- **AIM OF THE TASK**
Leaving out every picture, copy the lines of the data exactly, from the first through the line containing "0) x (0, 1, 0)".

- **MATERIAL FOR THE TASK**
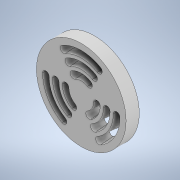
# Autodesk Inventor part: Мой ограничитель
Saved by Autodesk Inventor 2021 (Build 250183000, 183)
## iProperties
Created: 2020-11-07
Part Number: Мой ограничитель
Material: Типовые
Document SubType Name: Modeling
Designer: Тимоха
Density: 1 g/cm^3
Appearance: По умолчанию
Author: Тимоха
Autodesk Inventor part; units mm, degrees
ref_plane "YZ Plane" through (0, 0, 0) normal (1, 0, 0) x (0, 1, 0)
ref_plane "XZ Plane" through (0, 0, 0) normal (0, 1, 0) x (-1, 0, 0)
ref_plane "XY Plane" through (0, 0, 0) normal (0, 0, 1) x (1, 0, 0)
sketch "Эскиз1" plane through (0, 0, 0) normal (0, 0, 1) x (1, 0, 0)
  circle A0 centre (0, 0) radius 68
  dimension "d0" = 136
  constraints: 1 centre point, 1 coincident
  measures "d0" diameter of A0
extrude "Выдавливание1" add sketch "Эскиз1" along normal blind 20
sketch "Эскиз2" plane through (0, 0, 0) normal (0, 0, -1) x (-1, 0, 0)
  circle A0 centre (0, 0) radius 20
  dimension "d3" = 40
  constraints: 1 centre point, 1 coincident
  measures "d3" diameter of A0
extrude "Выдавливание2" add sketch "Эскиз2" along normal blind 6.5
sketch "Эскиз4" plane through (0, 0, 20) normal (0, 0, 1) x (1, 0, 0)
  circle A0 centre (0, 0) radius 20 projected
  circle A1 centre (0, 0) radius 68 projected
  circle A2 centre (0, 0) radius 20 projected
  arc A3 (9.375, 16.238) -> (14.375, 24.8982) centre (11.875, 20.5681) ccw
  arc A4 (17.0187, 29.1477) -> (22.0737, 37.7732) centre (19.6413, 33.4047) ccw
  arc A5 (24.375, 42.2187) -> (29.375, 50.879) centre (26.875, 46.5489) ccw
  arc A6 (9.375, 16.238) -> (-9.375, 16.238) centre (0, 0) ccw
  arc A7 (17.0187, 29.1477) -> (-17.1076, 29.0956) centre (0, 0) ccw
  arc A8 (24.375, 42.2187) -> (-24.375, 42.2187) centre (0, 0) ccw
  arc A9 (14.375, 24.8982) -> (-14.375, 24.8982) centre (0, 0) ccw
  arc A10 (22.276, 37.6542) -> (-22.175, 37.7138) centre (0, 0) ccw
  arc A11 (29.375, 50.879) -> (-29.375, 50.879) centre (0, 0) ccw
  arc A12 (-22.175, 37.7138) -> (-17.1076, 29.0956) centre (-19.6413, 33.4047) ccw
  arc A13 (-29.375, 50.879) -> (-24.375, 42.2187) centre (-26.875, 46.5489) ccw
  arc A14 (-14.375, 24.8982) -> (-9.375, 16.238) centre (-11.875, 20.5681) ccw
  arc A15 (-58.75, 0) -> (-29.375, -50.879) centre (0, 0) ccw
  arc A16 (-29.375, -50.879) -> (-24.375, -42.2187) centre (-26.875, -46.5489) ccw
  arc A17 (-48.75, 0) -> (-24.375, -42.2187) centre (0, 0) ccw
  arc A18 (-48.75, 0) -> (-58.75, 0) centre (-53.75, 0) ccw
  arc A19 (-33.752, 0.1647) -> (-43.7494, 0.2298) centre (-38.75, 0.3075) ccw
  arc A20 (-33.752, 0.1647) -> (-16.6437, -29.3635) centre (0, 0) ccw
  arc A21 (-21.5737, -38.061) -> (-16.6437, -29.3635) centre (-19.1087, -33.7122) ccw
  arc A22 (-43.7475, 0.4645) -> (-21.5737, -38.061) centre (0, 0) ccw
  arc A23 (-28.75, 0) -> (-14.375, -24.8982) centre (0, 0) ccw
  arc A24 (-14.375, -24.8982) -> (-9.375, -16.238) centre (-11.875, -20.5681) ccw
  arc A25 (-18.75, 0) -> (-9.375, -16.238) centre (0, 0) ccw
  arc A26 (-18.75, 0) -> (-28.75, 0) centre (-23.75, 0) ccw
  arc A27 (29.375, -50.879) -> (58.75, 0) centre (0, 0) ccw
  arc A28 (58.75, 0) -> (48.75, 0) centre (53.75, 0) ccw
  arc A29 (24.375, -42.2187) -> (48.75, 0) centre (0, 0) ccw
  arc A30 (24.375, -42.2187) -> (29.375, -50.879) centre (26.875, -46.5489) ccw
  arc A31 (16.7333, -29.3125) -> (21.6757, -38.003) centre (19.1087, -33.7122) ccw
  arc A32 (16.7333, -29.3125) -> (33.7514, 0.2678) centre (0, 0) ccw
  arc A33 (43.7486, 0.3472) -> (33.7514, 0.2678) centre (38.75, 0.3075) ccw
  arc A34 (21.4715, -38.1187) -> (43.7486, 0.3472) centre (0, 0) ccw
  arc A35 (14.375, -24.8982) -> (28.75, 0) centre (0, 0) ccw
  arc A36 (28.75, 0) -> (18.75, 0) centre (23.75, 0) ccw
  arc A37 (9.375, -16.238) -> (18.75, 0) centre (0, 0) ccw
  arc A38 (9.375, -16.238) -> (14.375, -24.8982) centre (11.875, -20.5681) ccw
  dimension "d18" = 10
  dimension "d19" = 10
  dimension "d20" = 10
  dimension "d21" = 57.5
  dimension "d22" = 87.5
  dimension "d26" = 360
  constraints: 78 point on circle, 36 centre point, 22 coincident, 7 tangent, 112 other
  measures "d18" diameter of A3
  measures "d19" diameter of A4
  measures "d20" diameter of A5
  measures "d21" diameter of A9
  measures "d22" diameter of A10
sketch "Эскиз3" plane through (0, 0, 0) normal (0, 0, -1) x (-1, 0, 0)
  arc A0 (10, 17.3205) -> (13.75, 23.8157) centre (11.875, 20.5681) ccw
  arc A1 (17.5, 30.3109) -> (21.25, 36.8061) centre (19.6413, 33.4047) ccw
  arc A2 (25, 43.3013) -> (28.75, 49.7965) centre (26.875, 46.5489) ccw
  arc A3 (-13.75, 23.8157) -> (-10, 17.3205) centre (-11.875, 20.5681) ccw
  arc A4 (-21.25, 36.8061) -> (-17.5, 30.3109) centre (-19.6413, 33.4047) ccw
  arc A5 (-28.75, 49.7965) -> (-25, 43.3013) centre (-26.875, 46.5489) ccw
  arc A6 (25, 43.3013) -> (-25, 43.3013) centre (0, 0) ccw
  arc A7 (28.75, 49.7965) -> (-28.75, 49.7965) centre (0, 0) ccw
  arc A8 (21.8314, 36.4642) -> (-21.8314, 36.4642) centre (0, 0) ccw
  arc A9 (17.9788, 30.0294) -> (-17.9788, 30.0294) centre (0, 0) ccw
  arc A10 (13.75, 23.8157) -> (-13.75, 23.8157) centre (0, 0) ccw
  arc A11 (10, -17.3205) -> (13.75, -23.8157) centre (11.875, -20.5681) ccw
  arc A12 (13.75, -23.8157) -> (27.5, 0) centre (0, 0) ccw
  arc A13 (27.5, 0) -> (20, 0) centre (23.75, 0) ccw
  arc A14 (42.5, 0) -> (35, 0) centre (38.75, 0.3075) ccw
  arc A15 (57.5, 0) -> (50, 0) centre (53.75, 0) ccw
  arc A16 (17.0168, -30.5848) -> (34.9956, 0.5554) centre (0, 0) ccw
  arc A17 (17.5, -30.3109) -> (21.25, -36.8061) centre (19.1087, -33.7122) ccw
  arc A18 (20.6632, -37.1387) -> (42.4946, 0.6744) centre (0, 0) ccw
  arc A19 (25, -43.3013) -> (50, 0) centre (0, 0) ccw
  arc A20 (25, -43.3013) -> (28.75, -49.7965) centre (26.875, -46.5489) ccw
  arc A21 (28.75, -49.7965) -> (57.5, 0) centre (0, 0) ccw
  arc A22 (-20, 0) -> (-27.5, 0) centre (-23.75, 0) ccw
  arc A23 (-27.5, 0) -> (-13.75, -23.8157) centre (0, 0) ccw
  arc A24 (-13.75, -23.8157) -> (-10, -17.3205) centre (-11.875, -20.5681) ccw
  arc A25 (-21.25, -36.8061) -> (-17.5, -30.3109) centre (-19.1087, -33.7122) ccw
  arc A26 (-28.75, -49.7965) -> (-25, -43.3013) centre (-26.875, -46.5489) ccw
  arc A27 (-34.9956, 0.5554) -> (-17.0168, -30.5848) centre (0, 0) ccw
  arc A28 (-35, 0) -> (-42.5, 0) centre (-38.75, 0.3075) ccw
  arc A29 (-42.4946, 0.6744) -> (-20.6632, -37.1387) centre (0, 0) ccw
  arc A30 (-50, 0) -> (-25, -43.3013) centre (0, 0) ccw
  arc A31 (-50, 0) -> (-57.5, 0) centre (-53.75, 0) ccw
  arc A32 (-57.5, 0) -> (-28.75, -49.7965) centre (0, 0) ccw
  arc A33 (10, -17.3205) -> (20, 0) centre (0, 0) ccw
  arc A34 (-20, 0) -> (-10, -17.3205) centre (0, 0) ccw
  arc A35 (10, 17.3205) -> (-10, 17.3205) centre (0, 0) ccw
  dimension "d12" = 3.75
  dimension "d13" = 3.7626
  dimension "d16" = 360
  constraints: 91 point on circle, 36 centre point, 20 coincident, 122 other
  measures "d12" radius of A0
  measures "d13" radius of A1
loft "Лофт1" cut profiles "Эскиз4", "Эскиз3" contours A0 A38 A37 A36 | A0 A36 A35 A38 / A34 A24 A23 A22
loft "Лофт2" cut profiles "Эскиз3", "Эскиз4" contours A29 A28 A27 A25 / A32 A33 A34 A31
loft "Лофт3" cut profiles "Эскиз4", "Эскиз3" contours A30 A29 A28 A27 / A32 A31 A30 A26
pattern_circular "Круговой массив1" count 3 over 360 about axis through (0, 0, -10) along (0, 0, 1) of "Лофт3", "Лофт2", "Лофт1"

- **TASK RESULT**
# Autodesk Inventor part: Мой ограничитель
Saved by Autodesk Inventor 2021 (Build 250183000, 183)
## iProperties
Created: 2020-11-07
Part Number: Мой ограничитель
Material: Типовые
Document SubType Name: Modeling
Designer: Тимоха
Density: 1 g/cm^3
Appearance: По умолчанию
Author: Тимоха
Autodesk Inventor part; units mm, degrees
ref_plane "YZ Plane" through (0, 0, 0) normal (1, 0, 0) x (0, 1, 0)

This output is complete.